Philosophisches Café mit Autor Per Leo: Produktive Unruhe

Der Autor Per Leo kritisiert in seinem Essay „Tränen ohne Trauer“ die deutsche Erinnerungskultur. Nun ist er zu Gast in Hamburg.

Blick auf das Stelenfeld vom Denkmal für die ermordeten Juden Europas in Berlin-Mitte.

Damit werben heute Immobilienmakler: Blick aufs Berliner Denkmal für die ermordeten Juden Europas Foto: Jens Kalaene/dpa

HAMBURG taz | Wenn einer etwas so Gewichtiges wie die deutsche Erinnerungskultur der Kritik unterziehen will, gar einer radikalen, dann ist ihm Aufmerksamkeit gewiss. Und Widerspruch: Ist nicht verdächtig, wer rührt an den – vielfach unter Schmerzen erkämpften und verteidigten – bundesrepublikanischen Verständigungen zur deutschen Schuld? Den angeblichen „Schuldkult“ endlich loszuwerden: Ist das nicht eine Sehnsucht von Nazis, alten und neuen und solchen, die partout nicht Nazis genannt werden möchten?

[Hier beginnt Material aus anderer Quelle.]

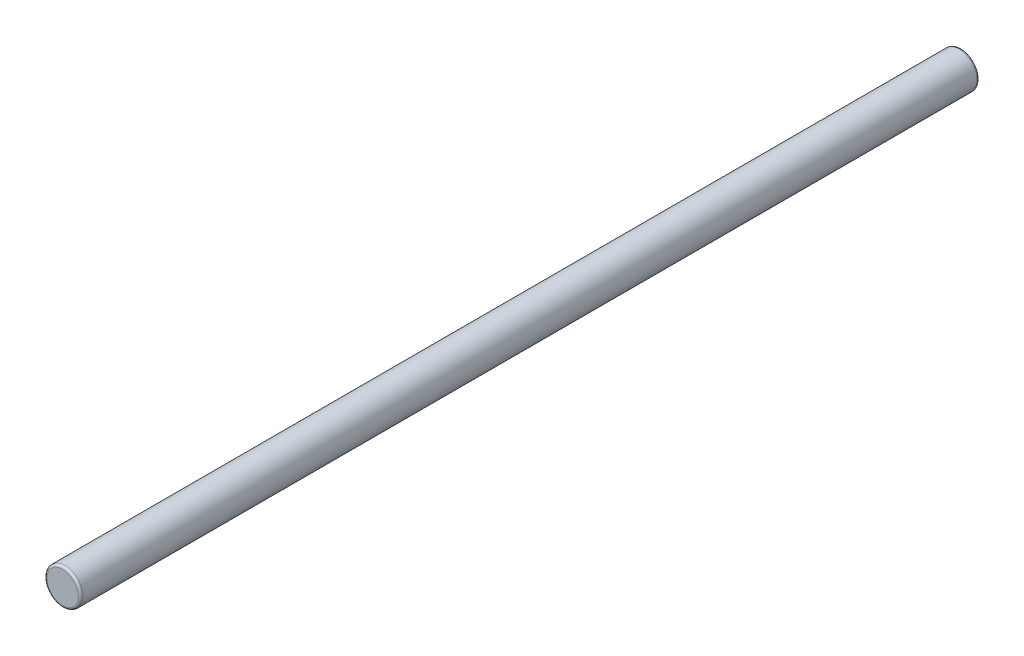
ISO-10303-21;
HEADER;
FILE_DESCRIPTION(('STEP AP214'),'2;1');
FILE_NAME('part.step','',(''),(''),'','','');
FILE_SCHEMA(('AUTOMOTIVE_DESIGN { 1 0 10303 214 1 1 1 1 }'));
ENDSEC;
DATA;
#1=APPLICATION_CONTEXT('core data for automotive mechanical design processes');
#2=APPLICATION_PROTOCOL_DEFINITION('international standard','automotive_design',2000,#1);
#3=PRODUCT_CONTEXT('',#1,'mechanical');
#4=PRODUCT('Part','Part','',(#3));
#5=PRODUCT_RELATED_PRODUCT_CATEGORY('part','',(#4));
#6=PRODUCT_DEFINITION_FORMATION('','',#4);
#7=PRODUCT_DEFINITION_CONTEXT('part definition',#1,'design');
#8=PRODUCT_DEFINITION('design','',#6,#7);
#9=PRODUCT_DEFINITION_SHAPE('','',#8);
#10=(LENGTH_UNIT() NAMED_UNIT(*) SI_UNIT(.MILLI.,.METRE.));
#11=(NAMED_UNIT(*) PLANE_ANGLE_UNIT() SI_UNIT($,.RADIAN.));
#12=(NAMED_UNIT(*) SI_UNIT($,.STERADIAN.) SOLID_ANGLE_UNIT());
#13=UNCERTAINTY_MEASURE_WITH_UNIT(LENGTH_MEASURE(1.E-05),#10,'distance_accuracy_value','');
#14=(GEOMETRIC_REPRESENTATION_CONTEXT(3) GLOBAL_UNCERTAINTY_ASSIGNED_CONTEXT((#13)) GLOBAL_UNIT_ASSIGNED_CONTEXT((#10,
#11,#12)) REPRESENTATION_CONTEXT('',''));
#15=CARTESIAN_POINT('',(0.,0.,0.));
#16=DIRECTION('',(0.,0.,1.));
#17=DIRECTION('',(1.,0.,0.));
#18=AXIS2_PLACEMENT_3D('',#15,#16,#17);
#19=CARTESIAN_POINT('',(0.,0.,200.));
#20=DIRECTION('',(0.,0.,-1.));
#21=DIRECTION('',(-1.,0.,0.));
#22=AXIS2_PLACEMENT_3D('',#19,#20,#21);
#23=CYLINDRICAL_SURFACE('',#22,4.);
#24=CARTESIAN_POINT('',(0.,0.,0.5));
#25=DIRECTION('',(0.,0.,1.));
#26=DIRECTION('',(1.,0.,0.));
#27=AXIS2_PLACEMENT_3D('',#24,#25,#26);
#28=CIRCLE('',#27,4.);
#29=CARTESIAN_POINT('',(4.,0.,0.5));
#30=VERTEX_POINT('',#29);
#31=EDGE_CURVE('E42',#30,#30,#28,.T.);
#32=ORIENTED_EDGE('',*,*,#31,.T.);
#33=EDGE_LOOP('',(#32));
#34=FACE_BOUND('',#33,.T.);
#35=CARTESIAN_POINT('',(0.,0.,199.5));
#36=DIRECTION('',(0.,0.,1.));
#37=DIRECTION('',(1.,0.,0.));
#38=AXIS2_PLACEMENT_3D('',#35,#36,#37);
#39=CIRCLE('',#38,4.);
#40=CARTESIAN_POINT('',(4.,0.,199.5));
#41=VERTEX_POINT('',#40);
#42=EDGE_CURVE('E46',#41,#41,#39,.F.);
#43=ORIENTED_EDGE('',*,*,#42,.T.);
#44=EDGE_LOOP('',(#43));
#45=FACE_BOUND('',#44,.T.);
#46=ADVANCED_FACE('F31',(#34,#45),#23,.T.);
#47=CARTESIAN_POINT('',(0.,0.,200.));
#48=DIRECTION('',(0.,0.,1.));
#49=DIRECTION('',(1.,0.,0.));
#50=AXIS2_PLACEMENT_3D('',#47,#48,#49);
#51=PLANE('',#50);
#52=CARTESIAN_POINT('',(0.,0.,200.));
#53=DIRECTION('',(0.,0.,1.));
#54=DIRECTION('',(1.,0.,0.));
#55=AXIS2_PLACEMENT_3D('',#52,#53,#54);
#56=CIRCLE('',#55,3.5);
#57=CARTESIAN_POINT('',(3.5,0.,200.));
#58=VERTEX_POINT('',#57);
#59=EDGE_CURVE('E10',#58,#58,#56,.T.);
#60=ORIENTED_EDGE('',*,*,#59,.T.);
#61=EDGE_LOOP('',(#60));
#62=FACE_BOUND('',#61,.T.);
#63=ADVANCED_FACE('F62',(#62),#51,.T.);
#64=CARTESIAN_POINT('',(0.,0.,0.));
#65=DIRECTION('',(0.,0.,1.));
#66=DIRECTION('',(1.,0.,0.));
#67=AXIS2_PLACEMENT_3D('',#64,#65,#66);
#68=PLANE('',#67);
#69=CARTESIAN_POINT('',(0.,0.,0.));
#70=DIRECTION('',(0.,0.,1.));
#71=DIRECTION('',(1.,0.,0.));
#72=AXIS2_PLACEMENT_3D('',#69,#70,#71);
#73=CIRCLE('',#72,3.5);
#74=CARTESIAN_POINT('',(3.5,0.,0.));
#75=VERTEX_POINT('',#74);
#76=EDGE_CURVE('E38',#75,#75,#73,.F.);
#77=ORIENTED_EDGE('',*,*,#76,.T.);
#78=EDGE_LOOP('',(#77));
#79=FACE_BOUND('',#78,.T.);
#80=ADVANCED_FACE('F59',(#79),#68,.F.);
#81=CARTESIAN_POINT('',(0.,0.,0.5));
#82=DIRECTION('',(0.,0.,1.));
#83=DIRECTION('',(1.,0.,0.));
#84=AXIS2_PLACEMENT_3D('',#81,#82,#83);
#85=TOROIDAL_SURFACE('',#84,3.5,0.5);
#86=ORIENTED_EDGE('',*,*,#76,.F.);
#87=EDGE_LOOP('',(#86));
#88=FACE_BOUND('',#87,.T.);
#89=ORIENTED_EDGE('',*,*,#31,.F.);
#90=EDGE_LOOP('',(#89));
#91=FACE_BOUND('',#90,.T.);
#92=ADVANCED_FACE('F55',(#88,#91),#85,.T.);
#93=CARTESIAN_POINT('',(0.,0.,199.5));
#94=DIRECTION('',(0.,0.,1.));
#95=DIRECTION('',(1.,0.,0.));
#96=AXIS2_PLACEMENT_3D('',#93,#94,#95);
#97=TOROIDAL_SURFACE('',#96,3.5,0.5);
#98=ORIENTED_EDGE('',*,*,#42,.F.);
#99=EDGE_LOOP('',(#98));
#100=FACE_BOUND('',#99,.T.);
#101=ORIENTED_EDGE('',*,*,#59,.F.);
#102=EDGE_LOOP('',(#101));
#103=FACE_BOUND('',#102,.T.);
#104=ADVANCED_FACE('F33',(#100,#103),#97,.T.);
#105=CLOSED_SHELL('',(#46,#63,#80,#92,#104));
#106=MANIFOLD_SOLID_BREP('B2',#105);
#107=ADVANCED_BREP_SHAPE_REPRESENTATION('',(#18,#106),#14);
#108=SHAPE_DEFINITION_REPRESENTATION(#9,#107);
ENDSEC;
END-ISO-10303-21;

Nun ist Per Leo tatsächlich manchen suspekt – nicht zuletzt wegen seiner Beteiligung am Buch „Mit Rechten reden“ (und der dahinter stehenden Aufforderung?). Aber wenn der schriftstellernde Historiker ein Buch – im Untertitel – „Nach der Erinnerungskultur“ nennt, dann will er nicht den Schlussstrich, nach dem sich AfD-Granden wohl sehnen. Gleichwohl geht es ihm in „Tränen ohne Trauer“ (Klett-Cotta 2021) um ein Einordnen und Kontextualisieren von etwas, das viele aus gutem Grund, aber manchmal auch aus nicht so gutem, absolut setzen: der Singularität des Holocausts.

Gleich zu Anfang schreibt er, das Buch sei entstanden zu der Zeit, „als in Deutschland ein schon lange schwelender Streit“ entflammt sei: „über das Verhältnis von Kolonialismus und Antisemitismus, von Holocaust und Kolonialverbrechen“. Deshalb lag taz-Redakteur Jan Feddersen nicht falsch, als er Ende Juli einen Online-Talk mit Leo mit den „etwas saloppen“ Worten eröffnete, in dem Buch stünde alles, „was wir wissen müssen, um zeitgenössisch mitplappern zu können“.

Ein Plappern, ein Gerede erkennt nun auch Leo: „Vom Nationalsozialismus wird in Deutschland oft maßlos, selten genau gesprochen“, damit eröffnet er das Buch. „Die Beliebigkeit des alltäglichen Geredes und die Vermessenheit seines Anspruchs“, heißt es da weiter, stünden dabei „in keinem Verhältnis zu einem „historischen Gegenstand von solchem Gewicht“.

Philosophisches Café mit Per Leo (Moderation Wolfram Eilenberger):

Do, 9. 9., 19 Uhr, Hamburg, Literaturhaus sowie online

Auch wenn Leo anerkennt, dass die Rede von der Singularität auftreten kann „in dogmatischer und damit potentiell theologischer Form“, und auch das aus guten und weniger guten Gründen: Seine Kritik am allzu Erstarrten ist eine andere, als sie der jüngst so viel zu Wort kommende Genozidforscher Dirk A. Moses mit seinem „Katechismus der Deutschen“ geäußert hat. Auch der verschiebt ja den (west-)deutschen Konsens in den Bereich des Religiösen, mithin der Vernunft nur eingeschränkt Zugänglichen. (Dass das keinesfalls dasselbe sei wie die erwähnte „Schuldkult“-Trope der Nazis: Das ist Moses' Followern in Nah und Fern, an den Akademien und weit weg davon, immer wieder enorm wichtig.)

Mit Moses gemein hat Leo einen Hang zur Polemik, einem schreiberischen Mittel also, das Erkenntnisfunken sprühen lassen kann und das hier auch immer wieder tut – aber manchmal eben auch nicht. Wer für etwaiges Unbehagen am Buch und seinem Inhalt einen Ansatzpunkt braucht, könnte ihn finden im Befund, dass Leo mitunter einer ihrerseits dem Thema nicht angemessene Flapsigkeit verfällt.

Wenn er nun im „Philosophischen Café“ in Hamburg über eine „Kritik des Erinnerns“ spricht, hat er also kein perfektes, aber im guten Sinne Unruhe stiftendes Buch im Gepäck: Keines, dass dem Verdrängen zuarbeitet oder gar dem Leugnen. Sondern eines, das nach neuen, nach der Zeit gemäßen Weisen des Erinnerns sucht – und dabei, ja: auch mal daneben greift. Es gibt wahrlich Schlimmeres.